FIG. 1 is a block diagram of a basic embodiment of the microprogram control device of the present invention, FIGS. 2 and 3 are explanatory diagrams of the order of execution of microprograms by the device of the present invention, and FIG. 4 is a block diagram of a basic embodiment of the microprogram control device of the present invention. FIG. 5 is a block diagram of a specific embodiment, FIG. 5 is a microcode configuration diagram suitable for implementing the present invention, and FIG. 6 is a block diagram of a conventional microprogram control device. 1...Microcode, 2...Microinstruction, 3...
... Address control code, 4 ... Micro program memory, 5 ... Micro sequencer, 6 ... Micro address, 11 ... Address monitoring circuit, 12 ...Address change circuit, 23.26...Dip switch, 34...

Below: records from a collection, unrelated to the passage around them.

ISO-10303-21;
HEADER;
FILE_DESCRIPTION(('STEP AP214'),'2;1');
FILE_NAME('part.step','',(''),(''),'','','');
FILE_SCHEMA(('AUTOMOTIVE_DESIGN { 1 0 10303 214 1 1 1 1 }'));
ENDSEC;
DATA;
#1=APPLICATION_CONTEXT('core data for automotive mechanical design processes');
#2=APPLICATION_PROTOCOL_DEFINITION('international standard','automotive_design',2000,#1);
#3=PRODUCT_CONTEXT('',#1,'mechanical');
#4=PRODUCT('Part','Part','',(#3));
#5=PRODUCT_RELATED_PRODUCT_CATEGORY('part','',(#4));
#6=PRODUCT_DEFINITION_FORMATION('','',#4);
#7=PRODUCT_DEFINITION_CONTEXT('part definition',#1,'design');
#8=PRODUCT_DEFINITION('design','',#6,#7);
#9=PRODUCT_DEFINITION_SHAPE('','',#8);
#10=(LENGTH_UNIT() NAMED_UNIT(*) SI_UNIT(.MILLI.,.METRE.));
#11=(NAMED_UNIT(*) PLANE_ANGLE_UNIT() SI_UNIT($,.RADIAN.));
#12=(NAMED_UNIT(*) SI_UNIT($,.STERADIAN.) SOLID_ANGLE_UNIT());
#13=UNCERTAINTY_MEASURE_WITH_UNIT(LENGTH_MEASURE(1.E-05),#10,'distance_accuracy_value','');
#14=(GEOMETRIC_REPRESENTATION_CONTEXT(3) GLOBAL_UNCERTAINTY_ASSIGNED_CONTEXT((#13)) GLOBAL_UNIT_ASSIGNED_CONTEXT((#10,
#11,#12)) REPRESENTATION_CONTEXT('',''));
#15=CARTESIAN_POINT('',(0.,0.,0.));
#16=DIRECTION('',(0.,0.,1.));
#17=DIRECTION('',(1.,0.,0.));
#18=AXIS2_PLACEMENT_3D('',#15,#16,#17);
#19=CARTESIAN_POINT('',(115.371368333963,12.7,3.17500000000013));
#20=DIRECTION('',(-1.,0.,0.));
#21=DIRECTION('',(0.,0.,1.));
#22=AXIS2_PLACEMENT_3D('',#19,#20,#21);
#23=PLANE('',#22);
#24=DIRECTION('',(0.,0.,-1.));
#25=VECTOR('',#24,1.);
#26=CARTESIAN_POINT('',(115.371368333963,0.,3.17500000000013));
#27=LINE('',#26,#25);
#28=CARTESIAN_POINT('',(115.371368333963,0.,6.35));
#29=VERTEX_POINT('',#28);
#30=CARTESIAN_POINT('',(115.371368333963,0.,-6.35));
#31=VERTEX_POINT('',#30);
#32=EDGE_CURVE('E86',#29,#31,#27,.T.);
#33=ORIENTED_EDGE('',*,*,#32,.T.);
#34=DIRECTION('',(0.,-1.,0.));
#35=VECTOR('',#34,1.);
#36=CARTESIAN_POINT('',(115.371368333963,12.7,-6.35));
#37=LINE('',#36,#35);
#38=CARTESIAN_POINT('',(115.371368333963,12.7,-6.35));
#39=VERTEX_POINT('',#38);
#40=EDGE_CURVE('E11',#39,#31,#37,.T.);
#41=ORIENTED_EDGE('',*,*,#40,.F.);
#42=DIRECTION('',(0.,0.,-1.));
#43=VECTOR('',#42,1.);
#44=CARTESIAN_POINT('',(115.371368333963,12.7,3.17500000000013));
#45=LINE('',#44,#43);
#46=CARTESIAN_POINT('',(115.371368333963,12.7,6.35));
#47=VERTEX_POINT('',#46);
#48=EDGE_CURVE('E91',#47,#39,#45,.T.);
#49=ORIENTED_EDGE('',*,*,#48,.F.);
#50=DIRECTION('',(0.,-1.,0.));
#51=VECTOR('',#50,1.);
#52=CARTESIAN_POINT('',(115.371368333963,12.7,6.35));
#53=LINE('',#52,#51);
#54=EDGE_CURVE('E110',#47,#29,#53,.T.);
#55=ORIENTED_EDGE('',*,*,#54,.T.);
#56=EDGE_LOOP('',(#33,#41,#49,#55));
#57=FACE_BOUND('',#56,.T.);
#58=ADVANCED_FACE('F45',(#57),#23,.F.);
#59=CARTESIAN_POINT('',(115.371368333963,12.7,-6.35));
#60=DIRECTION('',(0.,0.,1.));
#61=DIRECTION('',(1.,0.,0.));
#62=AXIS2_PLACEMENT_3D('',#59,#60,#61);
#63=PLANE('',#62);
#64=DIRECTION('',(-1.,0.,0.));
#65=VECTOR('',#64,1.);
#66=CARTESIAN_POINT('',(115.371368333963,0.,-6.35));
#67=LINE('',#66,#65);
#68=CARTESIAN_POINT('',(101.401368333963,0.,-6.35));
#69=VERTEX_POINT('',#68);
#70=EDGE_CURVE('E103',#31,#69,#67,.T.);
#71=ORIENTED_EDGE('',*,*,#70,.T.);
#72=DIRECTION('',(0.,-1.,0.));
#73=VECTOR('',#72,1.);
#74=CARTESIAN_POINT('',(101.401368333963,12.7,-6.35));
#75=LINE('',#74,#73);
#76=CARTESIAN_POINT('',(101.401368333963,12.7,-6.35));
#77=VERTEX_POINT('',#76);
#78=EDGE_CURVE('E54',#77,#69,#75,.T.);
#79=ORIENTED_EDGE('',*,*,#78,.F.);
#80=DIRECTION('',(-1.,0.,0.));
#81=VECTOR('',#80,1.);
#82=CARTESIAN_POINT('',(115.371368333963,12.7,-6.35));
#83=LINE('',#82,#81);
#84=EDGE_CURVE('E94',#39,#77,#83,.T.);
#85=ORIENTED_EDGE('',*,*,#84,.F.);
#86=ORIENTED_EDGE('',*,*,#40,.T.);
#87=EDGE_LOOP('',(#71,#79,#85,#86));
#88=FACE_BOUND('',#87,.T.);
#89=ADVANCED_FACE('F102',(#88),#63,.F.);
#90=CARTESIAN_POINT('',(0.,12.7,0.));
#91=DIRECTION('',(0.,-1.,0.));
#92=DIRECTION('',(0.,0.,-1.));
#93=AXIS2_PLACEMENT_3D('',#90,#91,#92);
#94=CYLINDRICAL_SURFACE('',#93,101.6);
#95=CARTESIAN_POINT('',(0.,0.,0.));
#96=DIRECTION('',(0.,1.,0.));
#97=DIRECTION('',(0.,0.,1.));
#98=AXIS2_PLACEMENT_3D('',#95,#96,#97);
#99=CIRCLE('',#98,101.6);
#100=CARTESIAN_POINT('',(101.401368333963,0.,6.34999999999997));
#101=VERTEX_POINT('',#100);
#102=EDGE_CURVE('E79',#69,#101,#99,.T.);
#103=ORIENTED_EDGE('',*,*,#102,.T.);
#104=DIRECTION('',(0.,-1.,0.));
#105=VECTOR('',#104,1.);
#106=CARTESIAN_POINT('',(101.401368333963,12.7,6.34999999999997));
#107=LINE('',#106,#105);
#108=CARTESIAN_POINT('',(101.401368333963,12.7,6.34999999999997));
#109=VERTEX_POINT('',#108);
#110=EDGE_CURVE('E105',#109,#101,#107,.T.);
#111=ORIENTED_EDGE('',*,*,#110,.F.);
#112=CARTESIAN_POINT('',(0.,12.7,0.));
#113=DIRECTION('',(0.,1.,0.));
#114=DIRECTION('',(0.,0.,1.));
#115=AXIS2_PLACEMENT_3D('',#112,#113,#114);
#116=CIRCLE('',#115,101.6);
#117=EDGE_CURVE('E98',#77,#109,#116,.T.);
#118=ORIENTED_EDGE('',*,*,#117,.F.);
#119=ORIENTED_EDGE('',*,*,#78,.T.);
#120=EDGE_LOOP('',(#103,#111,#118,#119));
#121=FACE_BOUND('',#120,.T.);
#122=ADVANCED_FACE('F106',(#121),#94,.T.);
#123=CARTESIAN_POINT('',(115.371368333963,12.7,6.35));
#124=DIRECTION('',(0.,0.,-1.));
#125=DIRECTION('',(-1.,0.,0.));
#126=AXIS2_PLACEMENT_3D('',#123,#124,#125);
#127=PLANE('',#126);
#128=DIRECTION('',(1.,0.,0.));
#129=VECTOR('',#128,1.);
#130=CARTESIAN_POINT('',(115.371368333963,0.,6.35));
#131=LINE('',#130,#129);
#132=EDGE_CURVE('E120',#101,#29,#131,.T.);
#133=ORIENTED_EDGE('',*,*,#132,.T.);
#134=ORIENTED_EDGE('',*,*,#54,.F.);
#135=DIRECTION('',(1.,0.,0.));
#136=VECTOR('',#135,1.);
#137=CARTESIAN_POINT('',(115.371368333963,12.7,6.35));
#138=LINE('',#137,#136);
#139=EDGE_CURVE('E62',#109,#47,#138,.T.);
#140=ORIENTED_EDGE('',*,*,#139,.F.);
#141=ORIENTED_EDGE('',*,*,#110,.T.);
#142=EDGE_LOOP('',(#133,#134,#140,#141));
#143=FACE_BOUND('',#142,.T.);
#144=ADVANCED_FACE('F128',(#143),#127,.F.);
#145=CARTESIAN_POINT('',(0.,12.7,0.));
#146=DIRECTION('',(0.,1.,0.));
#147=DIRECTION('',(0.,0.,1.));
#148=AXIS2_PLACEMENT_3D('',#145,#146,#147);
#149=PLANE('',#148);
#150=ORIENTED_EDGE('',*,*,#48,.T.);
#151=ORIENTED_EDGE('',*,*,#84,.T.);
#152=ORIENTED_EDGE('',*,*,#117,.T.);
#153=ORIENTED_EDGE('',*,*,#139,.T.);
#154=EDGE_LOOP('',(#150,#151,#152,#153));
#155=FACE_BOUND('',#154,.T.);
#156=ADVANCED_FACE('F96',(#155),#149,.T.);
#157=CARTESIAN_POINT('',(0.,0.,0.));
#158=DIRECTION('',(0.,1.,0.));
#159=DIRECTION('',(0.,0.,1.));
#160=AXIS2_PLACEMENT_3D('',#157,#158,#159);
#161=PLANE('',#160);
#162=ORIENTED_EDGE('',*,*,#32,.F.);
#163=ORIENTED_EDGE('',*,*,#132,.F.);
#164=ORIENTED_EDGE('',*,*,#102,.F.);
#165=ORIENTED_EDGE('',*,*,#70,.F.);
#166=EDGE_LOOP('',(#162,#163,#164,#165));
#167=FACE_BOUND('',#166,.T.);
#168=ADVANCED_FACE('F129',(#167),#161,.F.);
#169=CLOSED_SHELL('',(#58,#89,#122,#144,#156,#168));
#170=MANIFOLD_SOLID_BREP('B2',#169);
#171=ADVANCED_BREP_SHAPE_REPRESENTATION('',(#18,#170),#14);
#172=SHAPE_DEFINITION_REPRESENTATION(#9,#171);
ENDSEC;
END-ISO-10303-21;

...Jump command signal cancellation circuit. Applicant: Fuji Xerox Co., Ltd. Representative
Patent Attorney Ume Yu Yamauchi 1st
Figure 2 Figure 3

Claims (1)

[Claims] 1. A microprogram memory that stores a microprogram, and a microprogram that outputs the microaddress of the next step microcode based on the address control code included in the microcode output from the microprogram memory. a sequencer, an address monitoring circuit that sets a jump source address for the microprogram, monitors the microaddress, and outputs a jump command signal when the microaddress matches the jump source address; and a jump command for the address monitoring circuit. A microprogram control device comprising: an address changing circuit that receives a signal and changes the microaddress to a preset jump destination address. 2. A microprogram characterized in that the address monitoring circuit has one or more dip switches for setting a jump source address, and the address changing circuit has one or two or more dip switches for setting a jump destination address. Control device. 3. The microprogram control device according to claim 1 or 2, wherein the address monitoring circuit or the address changing circuit has a jump command signal canceling circuit.